The evidence base of the social sciences is expanding, and the services provided by social science research centers need to change along with it. To facilitate this movement, we are forming a new consortium of these centers to share information about obtaining for their faculty and students troves of new, informative social and behavioral data from corporate, governmental, and other organizational sources. The challenges in obtaining these data are often far greater than the data collection efforts we have tackled individually, and the potential benefits for understanding and ameliorating the challenges that affect human society are much larger.
Not long ago, academics had access to almost all the research data in the world because we created it or easily obtained it from others. Today, the most informative data about people and societies is collected by private firms that offer no provisions for academic access. Social scientists have more data than ever before, which has led to spectacular progress in our field, but we also have access to a smaller fraction of the data in the world than ever before.
Although faculty and students obtain a great deal of data from academic organizations like ICPSR and Dataverse, they increasingly must fan out to the real world to negotiate with a broad array of commercial firms and others to obtain access to data. These negotiations are difficult, time consuming, risky, complicated, and sometimes infuriating. Convincing a company to work with you is already extremely difficult, but even when a researcher is over that hurdle they are left negotiating not with a corporation as a unitary actor; individual researchers or research centers then receive calls from separate teams of corporate attorneys, their comms team, the product team, a program manager, a technical project lead, and often many others. For one researcher, or even one supporting research center, merely answering the phone can be overwhelming. Unfortunately, even when all that can be conquered, it is still insufficient, since the same negotiation must then begin internally, within the researcher’s own university -- often involving extensive separate discussions with such bodies as Institutional Review Boards, Offices of General Counsel, Information Technology Offices, Information Security Offices, Public Affairs and Communications Offices, Offices of Sponsored Programs, and, to manage institutional risk, the Offices of the President and Provost, among others.
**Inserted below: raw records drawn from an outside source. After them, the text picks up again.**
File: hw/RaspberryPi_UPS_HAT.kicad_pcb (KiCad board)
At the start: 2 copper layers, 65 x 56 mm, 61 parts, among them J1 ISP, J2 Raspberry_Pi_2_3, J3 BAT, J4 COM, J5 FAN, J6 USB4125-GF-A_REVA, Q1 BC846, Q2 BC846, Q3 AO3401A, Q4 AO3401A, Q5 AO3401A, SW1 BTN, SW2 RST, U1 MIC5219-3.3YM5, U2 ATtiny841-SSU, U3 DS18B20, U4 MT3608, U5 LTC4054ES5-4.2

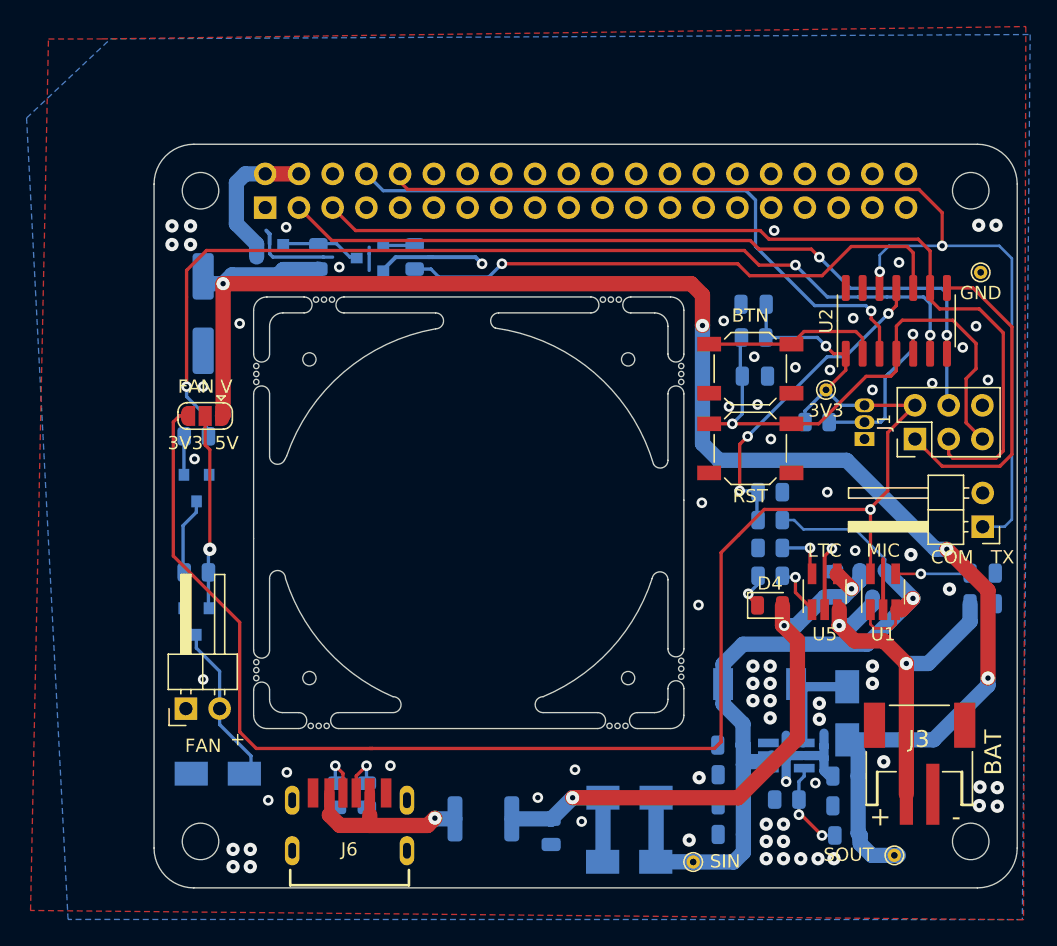
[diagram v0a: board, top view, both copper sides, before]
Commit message: update: make BTN available as optional pin header
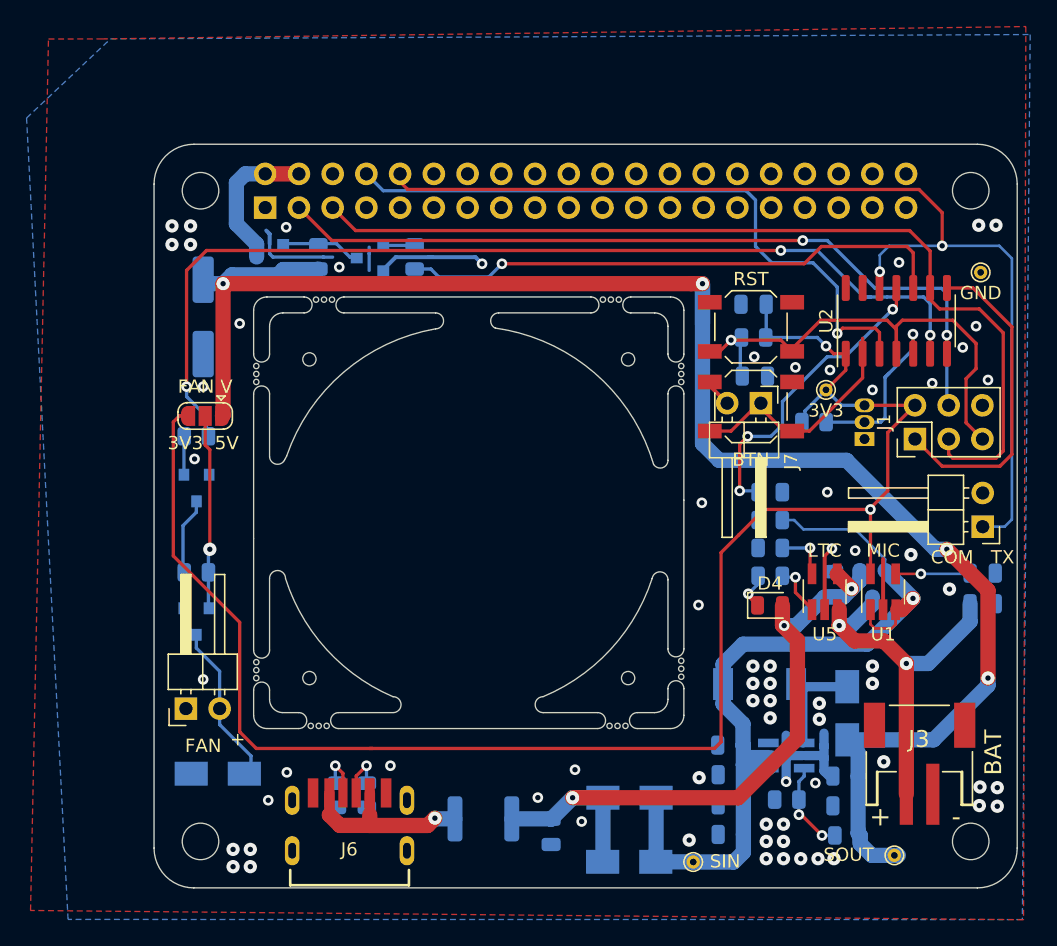
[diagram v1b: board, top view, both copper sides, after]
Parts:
- added J7: BTN, Connector_PinHeader_2.54mm:PinHeader_1x02_P2.54mm_Horizontal, F.Cu at (97.0, 58.0)
- moved SW2 9.15 mm to (96.2, 52.2), turned to 180 degrees
- moved SW1 2.85 mm to (96.2, 58.2), turned to 180 degrees
- moved C12 0.25 mm to (55.0, 51.5)
- moved R15 0.23 mm to (101.0, 59.4)
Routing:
- net BTN: track 13.3 -> 18.6 mm
- net /STEPUP_OUT_5V: track 124.3 -> 127.7 mm
- net GND: track 35.5 -> 37.7 mm, vias 74 -> 68
- net RST: track 40.9 -> 38.8 mm
- net /STEPUP_IN: track 65.4 -> 67.3 mm
- net RPI_IS_ONLINE_IN: track 47.8 -> 49.6 mm
- net STEPUP_VOLTAGE_IN: track 24.4 -> 25.4 mm
- net RPI_POWER_ON_OUT: track 42.3 -> 41.6 mm

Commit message: update: rev0.3 - new alignmant, LCSC listed elements
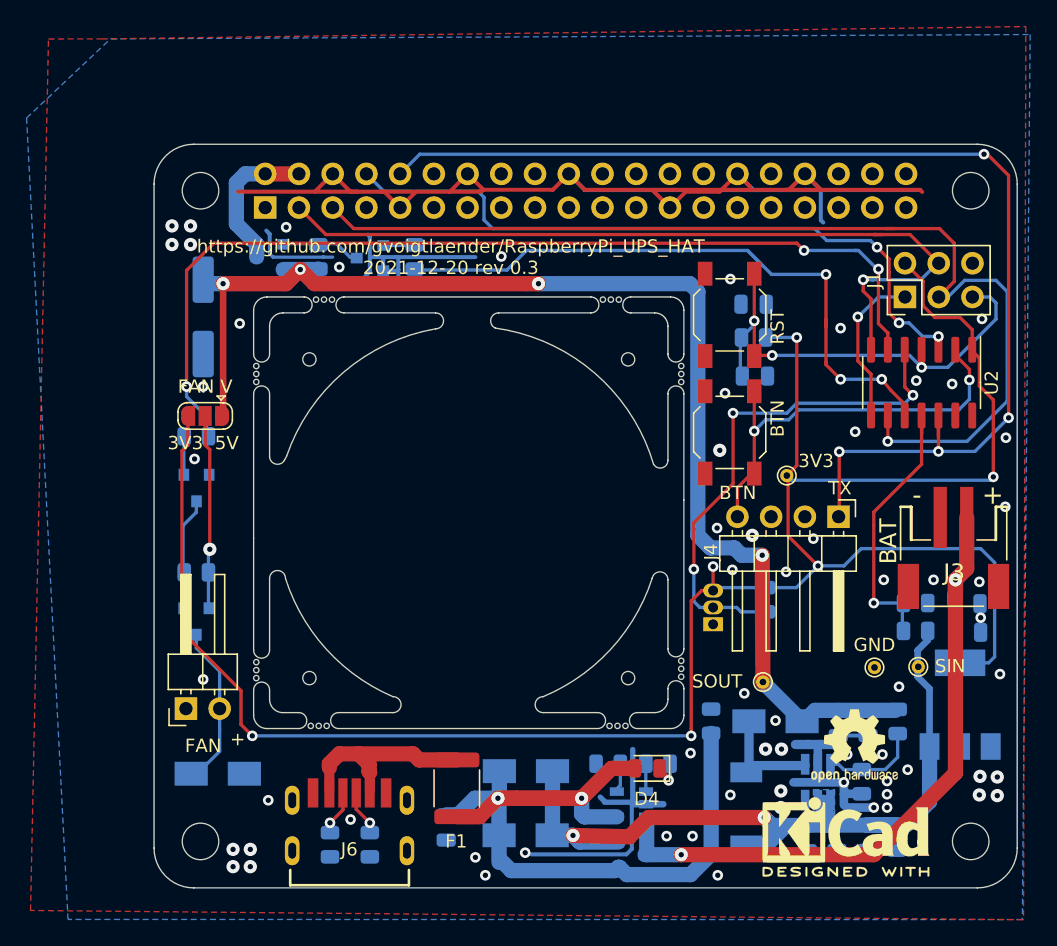
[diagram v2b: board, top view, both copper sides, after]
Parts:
- removed J7: BTN, Connector_PinHeader_2.54mm:PinHeader_1x02_P2.54mm_Horizontal
- added REF**: KiCad-Logo2_5mm_SilkScreen, Symbol:KiCad-Logo2_5mm_SilkScreen, F.Cu at (103.4, 90.7)
- added REF**: OSHW-Logo2_7.3x6mm_SilkScreen, Symbol:OSHW-Logo2_7.3x6mm_SilkScreen, F.Cu at (104.0, 83.8)
- F1: moved to F.Cu
- J2: footprint Connector_PinSocket_2.54mm:PinSocket_2x20_P2.54mm_Vertical -> RaspberryPi_UPS_HAT:PinSocket_2x20_P2.54mm_Vertical_RPI
- J4: footprint Connector_PinHeader_2.54mm:PinHeader_1x02_P2.54mm_Horizontal -> Connector_PinHeader_2.54mm:PinHeader_1x04_P2.54mm_Horizontal
- R12: value 1.5k -> 10k
- U1: value MIC5219-3.3YM5 -> AMS1117-3.3; footprint Package_TO_SOT_SMD:SOT-23-5_HandSoldering -> Package_TO_SOT_SMD:SOT-223-3_TabPin2; moved to B.Cu
- U5: value LTC4054ES5-4.2 -> TP4054; footprint Package_TO_SOT_SMD:SOT-23-5_HandSoldering -> Package_TO_SOT_SMD:SOT-23-5; moved to B.Cu
- moved TP3 30.8 mm to (105.5, 77.9)
- moved Q5 27.3 mm to (87.2, 92.0), turned to 0 degrees
- moved TP1 22.4 mm to (108.8, 77.8)
- moved U5 21.6 mm to (87.2, 88.2), turned to 180 degrees
- moved R12 20.3 mm to (85.5, 85.2)
- moved U3 18.0 mm to (93.4, 74.7)
- moved R13 16.5 mm to (89.2, 85.2), turned to 180 degrees
- moved TP2 16.4 mm to (97.2, 79.0)
- moved D4 15.4 mm to (88.4, 85.5), turned to 180 degrees
- moved R9 13.9 mm to (93.2, 82.0)
- moved R15 13.9 mm to (97.4, 72.8), turned to 270 degrees
- moved R1 13.8 mm to (108.7, 75.2)
- moved R2 13.8 mm to (108.7, 73.0)
- moved J3 13.7 mm to (111.5, 70.3), turned to 180 degrees
- moved C4 12.5 mm to (107.2, 90.7), turned to 270 degrees
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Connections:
- C1 pad 1: Net-(C1-Pad1) -> +3V3
- U1 pad 1: /STEPUP_IN -> GND
- U1 pad 2: GND -> +3V3
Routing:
- net GND: track 37.7 -> 174.2 mm, vias 68 -> 65
- net +3V3: track 127.4 -> 174.1 mm, vias 2 -> 6
- net /STEPUP_OUT_5V: track 127.7 -> 96.2 mm
- net ONE_WIRE: track 13.4 -> 39.0 mm, vias 1 -> 3
- net /V_BAT+: track 28.5 -> 49.7 mm
- net BTN: track 18.6 -> 31.5 mm, vias 0 -> 2
- net ISP_MISO: track 24.2 -> 12.2 mm, vias 0 -> 1
- net /5V_IN: track 51.2 -> 62.4 mm, vias 3 -> 2
- net TX: track 80.1 -> 89.0 mm, vias 2 -> 4
- net I2C_SCL: track 71.1 -> 78.9 mm, vias 0 -> 1
- net RPI_POWER_ON_OUT: track 41.6 -> 49.2 mm, vias 1 -> 3
- net /STEPUP_IN: track 67.3 -> 61.0 mm, vias 1 -> 2
- net Net-(C1-Pad1): track 5.62 -> 0.00 mm, vias 1 -> 0
- net RPI_IS_ONLINE_IN: track 49.6 -> 53.7 mm, vias 1 -> 3
- net STEPUP_VOLTAGE_IN: track 25.4 -> 21.5 mm, vias 3 -> 1
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- added copper zone on B.Cu, net /STEPUP_IN
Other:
- board text added: "BTN"
- board text added: "https://github.com/gvoigtlaender/RaspberryPi_UPS_HAT 2021-12-20 rev 0.3"

Moreover, each company holding private data may require a completely different model of data sharing, or a novel model that worked in a different industry, or a creative combination of two different models that are not publicly known for unrelated companies. Negotiating with companies and our own universities is usually easier if we can show them that their peers have adopted similar data sharing models, and so understanding the broad landscape of what has been done and what could be done is valuable. As with data sharing in general, information sharing by researcher centers in making data available from industry can be highly productive.
Social Science One was originally launched to pilot a specific model of industry-academic partnerships, seeking to share Facebook data with academics as a test case. We eventually succeeded in creating, and providing academic access to, the “Facebook URLs dataset” (containing data on the effects of social media on elections and democracy, and including more than 17 trillion cell values) and streaming APIs on Facebook’s page views and political ads library. We also recently helped launch an extensive set of experiments and observational studies now underway on the 2020 US election.
However, the road has been neither smooth nor fast, and we learned a remarkable amount in the process of overcoming the myriad regulatory, institutional, university, privacy, and other hurdles involved in negotiating this access to and approval for the use of this data. This knowledge pays considerable dividends for our other data collection efforts and for others who have come to us for advice. In fact, a second partnership we established with Microsoft, on building open source privacy protective software was far faster and easier to establish and is already bearing fruit. We have also shared information on industry-academic partnerships with a growing number of other academics who have made progress with an array of other companies. If we work together to share information on partnering with industry and others, we are confident that research centers will be able to better serve their faculty and students and to create considerable public good.